Centre for Comparative Genomics and Evolutionary Bioinformatics, Department of Biochemistry and Molecular Biology, Dalhousie University, Halifax, Nova Scotia, Canada.
Mol Biol Evol. 2011 Jul;28(7):2087-99. doi: 10.1093/molbev/msr032. Epub 2011 Feb 3.

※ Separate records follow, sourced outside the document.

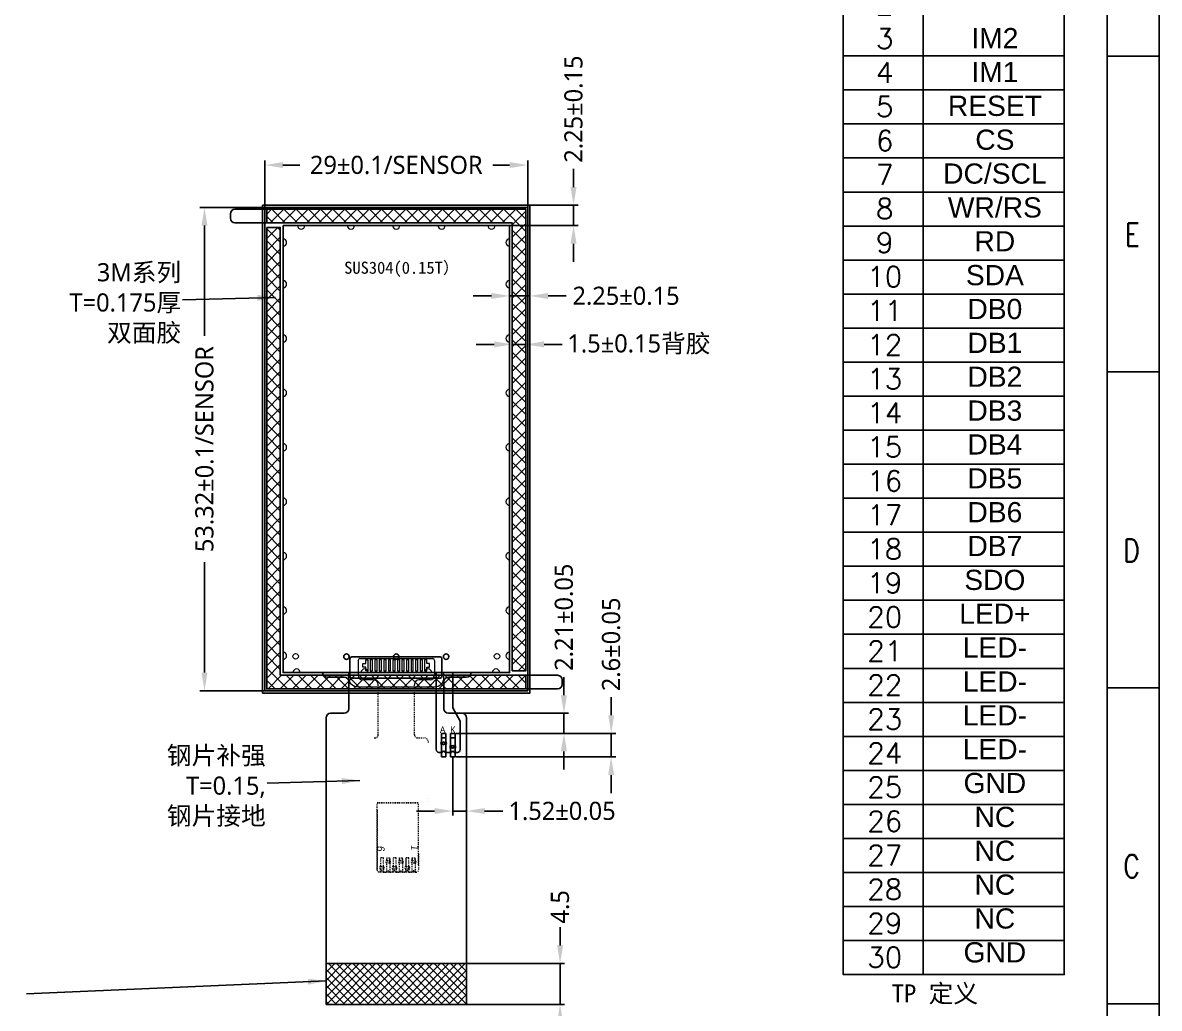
# Model space of a CAD drawing. Header units: millimetres. Extents: x 3150 to 3893, y 1403 to 2132.
# Drawn here: x 3439.1 to 3564.5, y 1550.5 to 1659.2 of the extents above; entities that cross this region are included whole.
import ezdxf

# ---------------------------------------------------------------- set-up
doc = ezdxf.new("R2010")
doc.units = ezdxf.units.MM
doc.linetypes.add('HIDDEN', pattern=[0.2, 0.1, -0.1])
for name, color, linetype in [('1-标准图框', 40, 'Continuous'), ('2-BL', 3, 'Continuous'), ('2-BL-FPC', 2, 'Continuous'), ('3-LCD-FPC', 40, 'Continuous'), ('6-标注', 7, 'Continuous'), ('dim', 3, 'Continuous'), ('KEEPOUTLAYER', 6, 'Continuous'), ('MECHANICAL1', 6, 'Continuous'), ('sensor OD', 7, 'Continuous'), ('上线OCA开窗', 103, 'Continuous')]:
    doc.layers.add(name, color=color, linetype=linetype)
doc.layers.add('图框', color=7, linetype='Continuous', lineweight=15)
doc.styles.add('PIN文字1', font='', dxfattribs={"height": 4})
doc.styles.add('ROMANS', font='romans.shx', dxfattribs={"width": 0.8})
doc.styles.add('TEXTSTYLE_2', font='simfang.ttf')
doc.styles.add('宋体', font='')
doc.styles.add('普耐', font='simhei.ttf')
doc.styles.add('标准', font='romand.shx', dxfattribs={"width": 0.9, "oblique": 5, "bigfont": 'gbcbig.shx'})
doc.styles.get('PIN文字1').set_extended_font_data('Microsoft YaHei')
doc.styles.get('宋体').set_extended_font_data('Microsoft YaHei')
doc.dimstyles.new('ISO-25-2.5', dxfattribs={"dimtxt": 2, "dimasz": 2, "dimexe": 1.25, "dimexo": 0, "dimtad": 1, "dimdsep": 46, "dimtxsty": '宋体', "dimcen": 2.5, "dimclrd": 256, "dimclre": 256, "dimclrt": 256, "dimadec": 0, "dimazin": 0, "dimtfac": 1, "dimtmove": 0, "dimatfit": 3, "dimfxl": 1, "dimarcsym": 0})
doc.dimstyles.new('ZY-G2-0.05', dxfattribs={"dimtxt": 2, "dimasz": 2, "dimexe": 0.5, "dimexo": 0.1, "dimgap": 0.5, "dimtad": 0, "dimdsep": 46, "dimtxsty": '宋体', "dimcen": 2, "dimclrd": 7, "dimclre": 7, "dimclrt": 7, "dimadec": 0, "dimazin": 2, "dimtol": 1, "dimtp": 0.05, "dimtm": 0.05, "dimtfac": 1, "dimtmove": 0, "dimatfit": 3, "dimfxl": 1, "dimtolj": 1, "dimarcsym": 0})
doc.dimstyles.new('ZY-G2-0.1默认', dxfattribs={"dimtxt": 2, "dimasz": 2, "dimexe": 0.5, "dimexo": 0.1, "dimgap": 0.5, "dimtad": 0, "dimdsep": 46, "dimtxsty": '宋体', "dimcen": 2, "dimclrd": 7, "dimclre": 7, "dimclrt": 7, "dimadec": 0, "dimazin": 2, "dimtp": 0.1, "dimtm": 0.1, "dimtfac": 1, "dimtmove": 0, "dimatfit": 3, "dimfxl": 1, "dimtolj": 1, "dimarcsym": 0})

# ---------------------------------------------------------------- blocks, each defined once
blk = doc.blocks.new('*D258')
at = {"layer": '6-标注', "color": 7, "lineweight": -2, "transparency": 16777216}
for p, q in [((3498.43, 1557.44), (3498.43, 1559.44)), ((3488.21, 1555.44), (3498.93, 1555.44)), ((3498.43, 1550.94), (3498.43, 1555.44)), ((3487.89, 1550.94), (3498.93, 1550.94)), ((3498.43, 1548.94), (3498.43, 1546.94))]:
    blk.add_line(p, q, dxfattribs=at)
at = {"layer": '6-标注', "color": 7, "transparency": 16777216}
for points in [[(3498.1, 1557.44), (3498.77, 1557.44), (3498.43, 1555.44)], [(3498.1, 1548.94), (3498.77, 1548.94), (3498.43, 1550.94)]]:
    blk.add_solid(points, dxfattribs=at)
at = {"layer": 'Defpoints', "color": 0, "transparency": 16777216}
for p in [(3488.11, 1555.44), (3498.43, 1555.44), (3487.79, 1550.94)]:
    blk.add_point(p, dxfattribs=at)
at = {"layer": '6-标注', "color": 7, "transparency": 16777216, "insert": (3498.43, 1561.7), "char_height": 2, "attachment_point": 5, "rotation": 90, "style": '宋体'}
blk.add_mtext('\\A1;4.5', dxfattribs=at)
blk = doc.blocks.new('*D265')
at = {"color": 7, "lineweight": -2, "transparency": 16777216}
for p, q in [((3498.86, 1585.05), (3498.86, 1587.05)), ((3487.71, 1583.05), (3499.36, 1583.05)), ((3498.86, 1580.84), (3498.86, 1583.05)), ((3486.94, 1580.84), (3499.36, 1580.84)), ((3498.86, 1578.84), (3498.86, 1576.84))]:
    blk.add_line(p, q, dxfattribs=at)
at = {"color": 7, "transparency": 16777216}
for points in [[(3498.52, 1585.05), (3499.19, 1585.05), (3498.86, 1583.05)], [(3498.52, 1578.84), (3499.19, 1578.84), (3498.86, 1580.84)]]:
    blk.add_solid(points, dxfattribs=at)
at = {"layer": 'Defpoints', "color": 0, "transparency": 16777216}
for p in [(3487.61, 1583.05), (3498.86, 1583.05), (3486.84, 1580.84)]:
    blk.add_point(p, dxfattribs=at)
at = {"color": 7, "transparency": 16777216, "insert": (3498.86, 1593.65), "char_height": 2, "attachment_point": 5, "rotation": 90, "style": '宋体'}
blk.add_mtext('\\A1;2.21±0.05', dxfattribs=at)
blk = doc.blocks.new('*D259')
at = {"color": 7, "lineweight": -2, "transparency": 16777216}
for p, q in [((3504.07, 1582.84), (3504.07, 1584.84)), ((3495.91, 1580.84), (3504.57, 1580.84)), ((3504.07, 1578.24), (3504.07, 1580.84)), ((3486.94, 1578.24), (3504.57, 1578.24)), ((3504.07, 1576.24), (3504.07, 1574.24))]:
    blk.add_line(p, q, dxfattribs=at)
at = {"color": 7, "transparency": 16777216}
for points in [[(3503.74, 1582.84), (3504.4, 1582.84), (3504.07, 1580.84)], [(3503.74, 1576.24), (3504.4, 1576.24), (3504.07, 1578.24)]]:
    blk.add_solid(points, dxfattribs=at)
at = {"layer": 'Defpoints', "color": 0, "transparency": 16777216}
for p in [(3495.81, 1580.84), (3504.07, 1580.84), (3486.84, 1578.24)]:
    blk.add_point(p, dxfattribs=at)
at = {"color": 7, "transparency": 16777216, "insert": (3504.07, 1590.66), "char_height": 2, "attachment_point": 5, "rotation": 90, "style": '宋体'}
blk.add_mtext('\\A1;2.6±0.05', dxfattribs=at)
blk = doc.blocks.new('*D260')
at = {"color": 7, "lineweight": -2, "transparency": 16777216}
for p, q in [((3486.59, 1578.14), (3486.59, 1571.77)), ((3488.11, 1578.14), (3488.11, 1571.77)), ((3484.59, 1572.27), (3482.59, 1572.27)), ((3486.59, 1572.27), (3488.11, 1572.27)), ((3490.11, 1572.27), (3492.11, 1572.27))]:
    blk.add_line(p, q, dxfattribs=at)
at = {"color": 7, "transparency": 16777216}
for points in [[(3484.59, 1572.6), (3484.59, 1571.94), (3486.59, 1572.27)], [(3490.11, 1572.6), (3490.11, 1571.94), (3488.11, 1572.27)]]:
    blk.add_solid(points, dxfattribs=at)
at = {"layer": 'Defpoints', "color": 0, "transparency": 16777216}
for p in [(3486.59, 1578.24), (3488.11, 1578.24), (3488.11, 1572.27)]:
    blk.add_point(p, dxfattribs=at)
at = {"color": 7, "transparency": 16777216, "insert": (3498.65, 1572.27), "char_height": 2, "attachment_point": 5, "style": '宋体'}
blk.add_mtext('\\A1;1.52±0.05', dxfattribs=at)
blk = doc.blocks.new('*D266')
at = {"layer": '3-LCD-FPC', "color": 7, "lineweight": -2, "transparency": 16777216}
for p, q in [((3490.86, 1629.1), (3488.86, 1629.1)), ((3492.86, 1627.26), (3492.86, 1629.6)), ((3492.86, 1629.1), (3495.11, 1629.1)), ((3495.11, 1627.26), (3495.11, 1629.6)), ((3497.11, 1629.1), (3499.11, 1629.1))]:
    blk.add_line(p, q, dxfattribs=at)
at = {"layer": '3-LCD-FPC', "color": 7, "transparency": 16777216}
for points in [[(3490.86, 1629.43), (3490.86, 1628.76), (3492.86, 1629.1)], [(3497.11, 1629.43), (3497.11, 1628.76), (3495.11, 1629.1)]]:
    blk.add_solid(points, dxfattribs=at)
at = {"layer": 'Defpoints', "color": 0, "transparency": 16777216}
for p in [(3495.11, 1629.1), (3492.86, 1627.16), (3495.11, 1627.16)]:
    blk.add_point(p, dxfattribs=at)
at = {"layer": '3-LCD-FPC', "color": 7, "transparency": 16777216, "insert": (3505.71, 1629.1), "char_height": 2, "attachment_point": 5, "style": '宋体'}
blk.add_mtext('\\A1;2.25±0.15', dxfattribs=at)
blk = doc.blocks.new('*D267')
at = {"layer": '3-LCD-FPC', "color": 7, "lineweight": -2, "transparency": 16777216}
for p, q in [((3499.92, 1641.11), (3499.92, 1643.11)), ((3488.97, 1639.11), (3500.42, 1639.11)), ((3499.92, 1636.86), (3499.92, 1639.11)), ((3488.97, 1636.86), (3500.42, 1636.86)), ((3499.92, 1634.86), (3499.92, 1632.86))]:
    blk.add_line(p, q, dxfattribs=at)
at = {"layer": '3-LCD-FPC', "color": 7, "transparency": 16777216}
for points in [[(3499.58, 1641.11), (3500.25, 1641.11), (3499.92, 1639.11)], [(3499.58, 1634.86), (3500.25, 1634.86), (3499.92, 1636.86)]]:
    blk.add_solid(points, dxfattribs=at)
at = {"layer": 'Defpoints', "color": 0, "transparency": 16777216}
for p in [(3488.87, 1639.11), (3499.92, 1639.11), (3488.87, 1636.86)]:
    blk.add_point(p, dxfattribs=at)
at = {"layer": '3-LCD-FPC', "color": 7, "transparency": 16777216, "insert": (3499.92, 1649.71), "char_height": 2, "attachment_point": 5, "rotation": 90, "style": '宋体'}
blk.add_mtext('\\A1;2.25±0.15', dxfattribs=at)
blk = doc.blocks.new('*D306')
at = {"layer": '3-LCD-FPC', "color": 7, "lineweight": -2, "transparency": 16777216}
for p, q in [((3493.16, 1615.48), (3493.16, 1624.25)), ((3494.66, 1615.48), (3494.66, 1624.25)), ((3491.16, 1623.75), (3489.16, 1623.75)), ((3493.16, 1623.75), (3494.66, 1623.75)), ((3496.66, 1623.75), (3498.66, 1623.75))]:
    blk.add_line(p, q, dxfattribs=at)
at = {"layer": '3-LCD-FPC', "color": 7, "transparency": 16777216}
for points in [[(3491.16, 1624.09), (3491.16, 1623.42), (3493.16, 1623.75)], [(3496.66, 1624.09), (3496.66, 1623.42), (3494.66, 1623.75)]]:
    blk.add_solid(points, dxfattribs=at)
at = {"layer": 'Defpoints', "color": 0, "transparency": 16777216}
for p in [(3494.66, 1623.75), (3493.16, 1615.38), (3494.66, 1615.38)]:
    blk.add_point(p, dxfattribs=at)
at = {"layer": '3-LCD-FPC', "color": 7, "transparency": 16777216, "insert": (3507.13, 1623.75), "char_height": 2, "attachment_point": 5, "style": '宋体'}
blk.add_mtext('\\A1;1.5±0.15背胶', dxfattribs=at)
blk = doc.blocks.new('*D313')
at = {"layer": '3-LCD-FPC', "color": 7, "lineweight": -2, "transparency": 16777216}
for p, q in [((3467.5, 1638.86), (3458.7, 1638.86)), ((3459.2, 1636.86), (3459.2, 1624.69)), ((3459.2, 1587.54), (3459.2, 1599.71)), ((3467.25, 1585.54), (3458.7, 1585.54))]:
    blk.add_line(p, q, dxfattribs=at)
at = {"layer": '3-LCD-FPC', "color": 7, "transparency": 16777216}
for points in [[(3458.87, 1636.86), (3459.53, 1636.86), (3459.2, 1638.86)], [(3458.87, 1587.54), (3459.53, 1587.54), (3459.2, 1585.54)]]:
    blk.add_solid(points, dxfattribs=at)
at = {"layer": 'Defpoints', "color": 0, "transparency": 16777216}
for p in [(3459.2, 1638.86), (3467.6, 1638.86), (3467.35, 1585.54)]:
    blk.add_point(p, dxfattribs=at)
at = {"layer": '3-LCD-FPC', "color": 7, "transparency": 16777216, "insert": (3459.2, 1612.2), "char_height": 2, "attachment_point": 5, "rotation": 90, "style": '宋体'}
blk.add_mtext('\\A1;53.32±0.1/SENSOR', dxfattribs=at)
blk = doc.blocks.new('*D314')
at = {"layer": '3-LCD-FPC', "color": 7, "lineweight": -2, "transparency": 16777216}
for p, q in [((3465.86, 1636.91), (3465.86, 1644.04)), ((3494.86, 1636.72), (3494.86, 1644.04)), ((3467.86, 1643.54), (3469.71, 1643.54)), ((3492.86, 1643.54), (3491.02, 1643.54))]:
    blk.add_line(p, q, dxfattribs=at)
at = {"layer": '3-LCD-FPC', "color": 7, "transparency": 16777216}
for points in [[(3467.86, 1643.87), (3467.86, 1643.21), (3465.86, 1643.54)], [(3492.86, 1643.87), (3492.86, 1643.21), (3494.86, 1643.54)]]:
    blk.add_solid(points, dxfattribs=at)
at = {"layer": 'Defpoints', "color": 0, "transparency": 16777216}
for p in [(3494.86, 1643.54), (3465.86, 1636.81), (3494.86, 1636.62)]:
    blk.add_point(p, dxfattribs=at)
at = {"layer": '3-LCD-FPC', "color": 7, "transparency": 16777216, "insert": (3480.36, 1643.54), "char_height": 2, "attachment_point": 5, "style": '宋体'}
blk.add_mtext('\\A1;29±0.1/SENSOR', dxfattribs=at)

msp = doc.modelspace()

# ---------------------------------------------------------------- hatches: boundary and pattern name
h = msp.add_hatch()
h.set_pattern_fill('ANSI37', color=2, scale=0.3)
h.paths.add_polyline_path([(3466.0623, 1636.6609), (3466.0623, 1585.7409), (3494.6623, 1585.7409), (3494.6623, 1587.2409), (3467.5623, 1587.2409), (3467.5623, 1636.6609)])
at = {"layer": '1-标准图框'}
h = msp.add_hatch(dxfattribs=at)
h.set_pattern_fill('ANSI37', color=2, scale=0.3)
h.paths.add_polyline_path([(3493.1623, 1587.7409), (3493.1623, 1637.1609), (3466.0623, 1637.1609), (3466.0623, 1638.6609), (3494.6623, 1638.6609), (3494.6623, 1587.7409)])
at = {"layer": '3-LCD-FPC'}
h = msp.add_hatch(dxfattribs=at)
h.set_pattern_fill('ANSI37', color=40, scale=0.2)
h.set_pattern_definition([(45, (3337.6195, 1456.30356), (-0.4490128, 0.4490128), []), (135, (3337.6195, 1456.30356), (-0.4490128, -0.4490128), [])])
h.paths.add_polyline_path([(3488.1123, 1550.9409), (3488.1123, 1555.4409), (3472.6123, 1555.4409), (3472.6123, 1550.9409)])

# ---------------------------------------------------------------- linework, layer by layer
at = {"color": 7}
for p, q in [((3462.0623, 1637.6609), (3462.0623, 1638.1609)), ((3466.0623, 1638.6609), (3462.5623, 1638.6609)), ((3466.0623, 1637.1609), (3462.5623, 1637.1609)), ((3494.6623, 1587.2409), (3498.1623, 1587.2409)), ((3498.6623, 1586.2409), (3498.6623, 1586.7409)), ((3494.6623, 1585.7409), (3498.1623, 1585.7409))]:
    msp.add_line(p, q, dxfattribs=at)
at = {"color": 6, "linetype": 'HIDDEN', "lineweight": 0}
for p, q in [((3477.9286, 1580.3409), (3478.0286, 1580.3409)), ((3482.6953, 1580.3409), (3483.362, 1580.3409)), ((3478.2512, 1565.7792), (3478.2512, 1573.1783)), ((3482.8012, 1566.3365), (3482.8012, 1573.1783)), ((3478.2512, 1572.3783), (3478.2512, 1565.7792)), ((3482.8012, 1567.5292), (3482.8012, 1565.7792)), ((3478.6231, 1565.5167), (3478.5123, 1565.5167)), ((3482.5387, 1565.5167), (3478.5137, 1565.5167))]:
    msp.add_line(p, q, dxfattribs=at)
at = {"color": 7, "linetype": 'HIDDEN'}
msp.add_line((3478.2512, 1573.1783), (3482.8012, 1573.1783), dxfattribs=at)
at = {"color": 11, "linetype": 'HIDDEN', "lineweight": 0}
for p, q in [((3478.6012, 1567.1142), (3478.6012, 1566.1935)), ((3478.9512, 1567.1142), (3478.6012, 1567.1142)), ((3478.6012, 1567.1142), (3478.6012, 1566.1935)), ((3478.9512, 1566.1937), (3478.9512, 1567.1142)), ((3478.9512, 1566.1937), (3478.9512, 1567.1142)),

Most of the major groups of eukaryotes have microbial representatives that thrive in low oxygen conditions. Those that have been studied in detail generate ATP via pathways involving anaerobically functioning enzymes of pyruvate catabolism that are typically absent in aerobic eukaryotes and whose origins remain controversial. These enzymes include pyruvate:ferredoxin oxidoreductase, pyruvate:NADP(+) oxidoreductase, and pyruvate formate lyase (Pfl). Pfl catalyzes the nonoxidative generation of formate and acetyl-Coenzyme A (CoA) from pyruvate and CoA and is activated by Pfl activating enzyme (Pfla). Within eukaryotes, this extremely oxygen-sensitive pathway was first described in the hydrogenosomes of anaerobic chytrid fungi and has more recently been characterized in the mitochondria and chloroplasts of the chlorophyte alga Chlamydomonas reinhardtii. To clarify the origins of this pathway, we have comprehensively searched for homologs of Pfl and Pfla in publicly available large-scale eukaryotic genomic and cDNA sequencing data, including our own from the anaerobic amoebozoan Mastigamoeba balamuthi. Surprisingly, we find that these enzymes are widely distributed and are present in diverse facultative or obligate anaerobic eukaryotic representatives of the archaeplastidan, metazoan, amoebozoan, and haptophyte lineages. Using maximum likelihood and Bayesian phylogenetic methods, we show that the eukaryotic Pfl and Pfla sequences each form monophyletic groups that are most closely related to homologs in firmicute gram-positive bacteria. Topology tests exclude both α-proteobacterial and cyanobacterial affinities for these genes suggesting that neither originated from the endosymbiotic ancestors of mitochondria or chloroplasts. Furthermore, the topologies of the eukaryote portion of the Pfl and Pfla trees significantly differ from well-accepted eukaryote relationships. Collectively, these results indicate that the Pfl pathway was first acquired by lateral gene transfer into a eukaryotic lineage most probably from a firmicute bacterial lineage and that it has since been spread across diverse eukaryotic groups by more recent eukaryote-to-eukaryote transfer events.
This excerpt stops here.